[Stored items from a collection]
====================

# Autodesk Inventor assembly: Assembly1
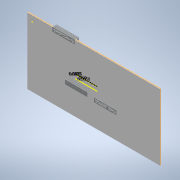
[picture p0: Inventor's stored thumbnail of the model, 180x180]
Saved by Autodesk Inventor 2020.2 (Build 242310000, 310)
## iProperties
Created: 2020-04-02
Part Number: Assembly1
Document SubType Name: Assembly
Designer: deli
Author: deli
## Documents named in this file (4)
- C:\Users\deli\OneDrive - Eastside Preparatory School\FTC\Chassi\Assembly1.iam
- C:\Users\deli\OneDrive - Eastside Preparatory School\FTC\Chassi\spoil board.ipt
- C:\Users\deli\OneDrive - Eastside Preparatory School\FTC\Chassi\Side Channel.ipt
- C:\Users\deli\OneDrive - Eastside Preparatory School\FTC\Chassi\metal jig.ipt
## Components (5 placed, 3 different names)
1. spoil board:1 — Mate:1
2. Side Channel:1
3. Side Channel:2
4. Side Channel:4
5. metal jig:1 — Mate:1
## Relationships (1: Mate 1)
- Mate:1: spoil board:1 ↔ metal jig:1
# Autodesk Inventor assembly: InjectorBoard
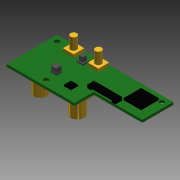
[picture p0: Inventor's stored thumbnail of the model, 180x180]
Saved by Autodesk Inventor 2014 (Build 180170000, 170)
## iProperties
Created: 2015-01-07
Part Number: InjectorBoard
Document SubType Name: Assembly
Designer: Owner
Author: Owner
## Documents named in this file (9)
- C:\Users\Owner\Documents\APC\FrontEnd\IAM\Common\InjectorBoard.iam
- C:\Users\Owner\Documents\APC\FrontEnd\IAM\Common\InjectorBoard.ipt
- C:\Users\Owner\Documents\APC\FrontEnd\IAM\Common\SMA_Up.ipt
- C:\Users\Owner\Documents\APC\FrontEnd\IAM\Common\BNC_Up.ipt
- C:\Users\Owner\Documents\APC\FrontEnd\IAM\Yagi\PIC16Chip.ipt
- C:\Users\Owner\Documents\APC\FrontEnd\IAM\Yagi\FlatFlex26.ipt
- C:\Users\Owner\Documents\APC\FrontEnd\IAM\Yagi\RFSwitch.ipt
- C:\Users\Owner\Documents\APC\FrontEnd\IAM\Yagi\RFCoupler.ipt
- C:\Users\Owner\Documents\APC\FrontEnd\IAM\Yagi\RFSplitter.ipt
## Components (10 placed, 8 different names)
1. InjectorBoard:1 — Mate:1, Mate:2, Mate:3, Mate:4, Mate:5, Mate:6, Mate:7, Flush:1, Flush:2, Flush:3, Flush:4, Flush:5, Flush:6, Flush:7, Flush:8, Flush:9, Flush:10, Flush:11, Flush:12, Flush:13, Flush:14, Flush:15, Flush:16, Flush:17, Flush:18, Flush:19, Flush:20
2. SMA_Up:1 — Mate:1, Flush:6, Flush:9
3. SMA_Up:2 — Mate:2, Flush:7, Flush:8
4. BNC_Up:1 — Mate:6, Flush:2, Flush:4
5. BNC_Up:2 — Mate:7, Flush:1, Flush:3
6. PIC16Chip:1 — Mate:3, Flush:10, Flush:11
7. FlatFlex26:1 — Mate:4, Flush:5, Flush:12
8. RFSwitch:1 — Mate:5, Flush:13, Flush:14
9. RFCoupler:1 — Flush:15, Flush:19, Flush:20
10. RFSplitter:1 — Flush:16, Flush:17, Flush:18
## Relationships (27: Flush 20, Mate 7)
- Mate:1: InjectorBoard:1 ↔ SMA_Up:1
- Mate:2: InjectorBoard:1 ↔ SMA_Up:2
- Mate:3: InjectorBoard:1 ↔ PIC16Chip:1
- Mate:4: InjectorBoard:1 ↔ FlatFlex26:1
- Mate:5: InjectorBoard:1 ↔ RFSwitch:1
- Mate:6: InjectorBoard:1 ↔ BNC_Up:1
- Mate:7: InjectorBoard:1 ↔ BNC_Up:2
- Flush:1 (-3.556 mm): InjectorBoard:1 ↔ BNC_Up:2
- Flush:2 (3.6576 mm): InjectorBoard:1 ↔ BNC_Up:1
- Flush:3 (-1.6256 mm): InjectorBoard:1 ↔ BNC_Up:2
- Flush:4 (-0.889 mm): InjectorBoard:1 ↔ BNC_Up:1
- Flush:5: InjectorBoard:1 ↔ FlatFlex26:1
- Flush:6 (-0.635 mm): InjectorBoard:1 ↔ SMA_Up:1
- Flush:7 (0.635 mm): InjectorBoard:1 ↔ SMA_Up:2
- Flush:8 (11.5062 mm): InjectorBoard:1 ↔ SMA_Up:2
- Flush:9 (27.7622 mm): InjectorBoard:1 ↔ SMA_Up:1
- Flush:10 (3.81 mm): InjectorBoard:1 ↔ PIC16Chip:1
- Flush:11 (5.8928 mm): InjectorBoard:1 ↔ PIC16Chip:1
- Flush:12 (17.6276 mm): InjectorBoard:1 ↔ FlatFlex26:1
- Flush:13 (6.1976 mm): InjectorBoard:1 ↔ RFSwitch:1
- Flush:14 (8.4836 mm): InjectorBoard:1 ↔ RFSwitch:1
- Flush:15: InjectorBoard:1 ↔ RFCoupler:1
- Flush:16: InjectorBoard:1 ↔ RFSplitter:1
- Flush:17 (5.253 mm): InjectorBoard:1 ↔ RFSplitter:1
- Flush:18 (22.017 mm): InjectorBoard:1 ↔ RFSplitter:1
- Flush:19 (19.1516 mm): InjectorBoard:1 ↔ RFCoupler:1
- Flush:20 (9.5504 mm): InjectorBoard:1 ↔ RFCoupler:1

====================

• Task instructions:
Lines from the one containing "- Flush:16: InjectorBoard:1 ↔ RFSplitter:1" through the last line of the data above are the only output wanted; restate them exactly.

• Result of the task:
- Flush:16: InjectorBoard:1 ↔ RFSplitter:1
- Flush:17 (5.253 mm): InjectorBoard:1 ↔ RFSplitter:1
- Flush:18 (22.017 mm): InjectorBoard:1 ↔ RFSplitter:1
- Flush:19 (19.1516 mm): InjectorBoard:1 ↔ RFCoupler:1
- Flush:20 (9.5504 mm): InjectorBoard:1 ↔ RFCoupler:1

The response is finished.